Exercise goal
Skip the pictures and repeat each line of the data exactly.

Extracted records
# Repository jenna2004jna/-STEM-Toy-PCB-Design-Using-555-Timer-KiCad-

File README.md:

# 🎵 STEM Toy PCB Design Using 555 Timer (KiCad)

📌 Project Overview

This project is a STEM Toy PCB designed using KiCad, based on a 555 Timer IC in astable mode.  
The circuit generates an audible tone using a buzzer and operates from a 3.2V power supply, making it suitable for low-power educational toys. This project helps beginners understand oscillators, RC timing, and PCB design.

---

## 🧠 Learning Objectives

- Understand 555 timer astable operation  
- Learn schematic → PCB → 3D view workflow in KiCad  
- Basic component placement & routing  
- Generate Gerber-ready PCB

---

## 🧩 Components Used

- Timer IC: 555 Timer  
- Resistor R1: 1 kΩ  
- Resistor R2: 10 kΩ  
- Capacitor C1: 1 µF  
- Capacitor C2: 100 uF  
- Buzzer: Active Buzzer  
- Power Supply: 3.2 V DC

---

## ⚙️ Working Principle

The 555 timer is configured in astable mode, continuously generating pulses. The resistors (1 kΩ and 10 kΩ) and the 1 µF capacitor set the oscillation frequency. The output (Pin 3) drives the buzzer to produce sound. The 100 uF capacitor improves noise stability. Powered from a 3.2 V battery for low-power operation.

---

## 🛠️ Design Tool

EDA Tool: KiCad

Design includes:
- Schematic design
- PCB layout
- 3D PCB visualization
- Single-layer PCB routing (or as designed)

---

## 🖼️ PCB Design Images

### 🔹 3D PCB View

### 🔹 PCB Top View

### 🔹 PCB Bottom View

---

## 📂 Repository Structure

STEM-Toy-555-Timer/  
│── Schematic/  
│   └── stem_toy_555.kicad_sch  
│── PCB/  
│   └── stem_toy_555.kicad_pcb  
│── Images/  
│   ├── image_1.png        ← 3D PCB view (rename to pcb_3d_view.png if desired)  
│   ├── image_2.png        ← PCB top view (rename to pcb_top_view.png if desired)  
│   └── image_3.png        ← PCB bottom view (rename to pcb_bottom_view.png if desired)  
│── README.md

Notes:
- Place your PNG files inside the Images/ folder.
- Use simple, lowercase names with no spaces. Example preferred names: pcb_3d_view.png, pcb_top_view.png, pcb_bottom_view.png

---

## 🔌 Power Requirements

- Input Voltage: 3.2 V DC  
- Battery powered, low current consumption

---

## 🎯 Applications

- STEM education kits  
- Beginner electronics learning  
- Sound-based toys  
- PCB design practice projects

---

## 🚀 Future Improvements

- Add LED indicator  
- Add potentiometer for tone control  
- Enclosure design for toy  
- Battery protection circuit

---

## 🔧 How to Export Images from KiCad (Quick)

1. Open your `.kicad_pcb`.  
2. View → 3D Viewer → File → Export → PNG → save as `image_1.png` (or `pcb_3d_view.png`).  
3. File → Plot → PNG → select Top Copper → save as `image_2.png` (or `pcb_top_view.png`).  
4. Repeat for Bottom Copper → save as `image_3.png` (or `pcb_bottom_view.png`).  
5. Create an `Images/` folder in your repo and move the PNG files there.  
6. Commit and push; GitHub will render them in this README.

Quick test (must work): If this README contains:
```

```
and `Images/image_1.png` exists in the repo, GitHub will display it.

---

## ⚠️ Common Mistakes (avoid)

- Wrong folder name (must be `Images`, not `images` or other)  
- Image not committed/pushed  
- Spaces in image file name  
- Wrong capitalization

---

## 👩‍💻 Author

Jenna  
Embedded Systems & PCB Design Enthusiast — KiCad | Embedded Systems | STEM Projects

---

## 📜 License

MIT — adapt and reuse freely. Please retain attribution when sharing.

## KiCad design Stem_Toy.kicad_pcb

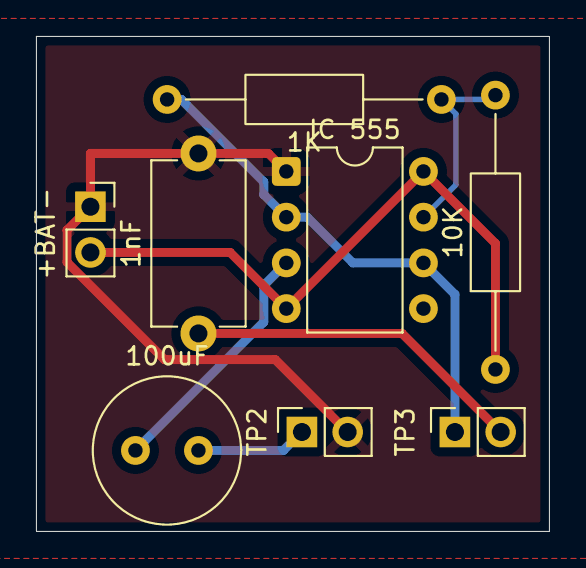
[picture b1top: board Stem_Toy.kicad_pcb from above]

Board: 2 copper layers, 28.5 x 27.5 mm, 8 parts (0 on the bottom side), 7 nets.

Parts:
1K: R; R_Axial_DIN0207_L6.3mm_D2.5mm_P15.24mm_Horizontal
1nF: C; C_Disc_D9.0mm_W5.0mm_P10.00mm
10K: 1k; R_Axial_DIN0207_L6.3mm_D2.5mm_P15.24mm_Horizontal
100uF: C_Polarized; C_Radial_D8.0mm_H11.5mm_P3.50mm
+BAT-: Battery; PinSocket_1x02_P2.54mm_Vertical
IC 555: NE555P; DIP-8_W7.62mm
TP2: TestPoint_2Pole; PinSocket_1x02_P2.54mm_Vertical
TP3: HUmanOUt; PinSocket_1x02_P2.54mm_Vertical

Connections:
/DIS: 1K.1, 10K.2, IC 555.7 (DIS)
/OUt: 100uF.1, IC 555.3 (Q)
/TR: 1K.2, IC 555.2 (TR), IC 555.6 (THR), TP3.1
GND: 1nF.2, +BAT-.1, IC 555.1 (GND), TP2.2
unnamed: 1nF.1, TP3.2
unnamed: 100uF.2, TP2.1
VCC: 10K.1, +BAT-.2, IC 555.4 (R), IC 555.8 (VCC)

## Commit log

2025-12-31 Add README for STEM Toy PCB project using 555 Timer
    This README provides an overview of a STEM Toy PCB project using a 555 Timer, including learning objectives, components used, working principles, and design tools. It also includes sections on reposi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
2025-12-31 Fix image paths in PCB design section
    Updated image paths in README for PCB design views.

Solution for this problem
# Repository jenna2004jna/-STEM-Toy-PCB-Design-Using-555-Timer-KiCad-

File README.md:

# 🎵 STEM Toy PCB Design Using 555 Timer (KiCad)

📌 Project Overview

This project is a STEM Toy PCB designed using KiCad, based on a 555 Timer IC in astable mode.  
The circuit generates an audible tone using a buzzer and operates from a 3.2V power supply, making it suitable for low-power educational toys. This project helps beginners understand oscillators, RC timing, and PCB design.

---

## 🧠 Learning Objectives

- Understand 555 timer astable operation  
- Learn schematic → PCB → 3D view workflow in KiCad  
- Basic component placement & routing  
- Generate Gerber-ready PCB

---

## 🧩 Components Used

- Timer IC: 555 Timer  
- Resistor R1: 1 kΩ  
- Resistor R2: 10 kΩ  
- Capacitor C1: 1 µF  
- Capacitor C2: 100 uF  
- Buzzer: Active Buzzer  
- Power Supply: 3.2 V DC

---

## ⚙️ Working Principle

The 555 timer is configured in astable mode, continuously generating pulses. The resistors (1 kΩ and 10 kΩ) and the 1 µF capacitor set the oscillation frequency. The output (Pin 3) drives the buzzer to produce sound. The 100 uF capacitor improves noise stability. Powered from a 3.2 V battery for low-power operation.

---

## 🛠️ Design Tool

EDA Tool: KiCad

Design includes:
- Schematic design
- PCB layout
- 3D PCB visualization
- Single-layer PCB routing (or as designed)

---

## 🖼️ PCB Design Images

### 🔹 3D PCB View

### 🔹 PCB Top View

### 🔹 PCB Bottom View

---

## 📂 Repository Structure

STEM-Toy-555-Timer/  
│── Schematic/  
│   └── stem_toy_555.kicad_sch  
│── PCB/  
│   └── stem_toy_555.kicad_pcb  
│── Images/  
│   ├── image_1.png        ← 3D PCB view (rename to pcb_3d_view.png if desired)  
│   ├── image_2.png        ← PCB top view (rename to pcb_top_view.png if desired)  
│   └── image_3.png        ← PCB bottom view (rename to pcb_bottom_view.png if desired)  
│── README.md

Notes:
- Place your PNG files inside the Images/ folder.
- Use simple, lowercase names with no spaces. Example preferred names: pcb_3d_view.png, pcb_top_view.png, pcb_bottom_view.png

---

## 🔌 Power Requirements

- Input Voltage: 3.2 V DC  
- Battery powered, low current consumption

---

## 🎯 Applications

- STEM education kits  
- Beginner electronics learning  
- Sound-based toys  
- PCB design practice projects

---

## 🚀 Future Improvements

- Add LED indicator  
- Add potentiometer for tone control  
- Enclosure design for toy  
- Battery protection circuit

---

## 🔧 How to Export Images from KiCad (Quick)

1. Open your `.kicad_pcb`.  
2. View → 3D Viewer → File → Export → PNG → save as `image_1.png` (or `pcb_3d_view.png`).  
3. File → Plot → PNG → select Top Copper → save as `image_2.png` (or `pcb_top_view.png`).  
4. Repeat for Bottom Copper → save as `image_3.png` (or `pcb_bottom_view.png`).  
5. Create an `Images/` folder in your repo and move the PNG files there.  
6. Commit and push; GitHub will render them in this README.

Quick test (must work): If this README contains:
```

```
and `Images/image_1.png` exists in the repo, GitHub will display it.

---

## ⚠️ Common Mistakes (avoid)

- Wrong folder name (must be `Images`, not `images` or other)  
- Image not committed/pushed  
- Spaces in image file name  
- Wrong capitalization

---

## 👩‍💻 Author

Jenna  
Embedded Systems & PCB Design Enthusiast — KiCad | Embedded Systems | STEM Projects

---

## 📜 License

MIT — adapt and reuse freely. Please retain attribution when sharing.

## KiCad design Stem_Toy.kicad_pcb

[picture b1top: board Stem_Toy.kicad_pcb from above]

Board: 2 copper layers, 28.5 x 27.5 mm, 8 parts (0 on the bottom side), 7 nets.

Parts:
1K: R; R_Axial_DIN0207_L6.3mm_D2.5mm_P15.24mm_Horizontal
1nF: C; C_Disc_D9.0mm_W5.0mm_P10.00mm
10K: 1k; R_Axial_DIN0207_L6.3mm_D2.5mm_P15.24mm_Horizontal
100uF: C_Polarized; C_Radial_D8.0mm_H11.5mm_P3.50mm
+BAT-: Battery; PinSocket_1x02_P2.54mm_Vertical
IC 555: NE555P; DIP-8_W7.62mm
TP2: TestPoint_2Pole; PinSocket_1x02_P2.54mm_Vertical
TP3: HUmanOUt; PinSocket_1x02_P2.54mm_Vertical

Connections:
/DIS: 1K.1, 10K.2, IC 555.7 (DIS)
/OUt: 100uF.1, IC 555.3 (Q)
/TR: 1K.2, IC 555.2 (TR), IC 555.6 (THR), TP3.1
GND: 1nF.2, +BAT-.1, IC 555.1 (GND), TP2.2
unnamed: 1nF.1, TP3.2
unnamed: 100uF.2, TP2.1
VCC: 10K.1, +BAT-.2, IC 555.4 (R), IC 555.8 (VCC)

## Commit log

2025-12-31 Add README for STEM Toy PCB project using 555 Timer
    This README provides an overview of a STEM Toy PCB project using a 555 Timer, including learning objectives, components used, working principles, and design tools. It also includes sections on reposi
2025-12-31 Fix image paths in PCB design section
    Updated image paths in README for PCB design views.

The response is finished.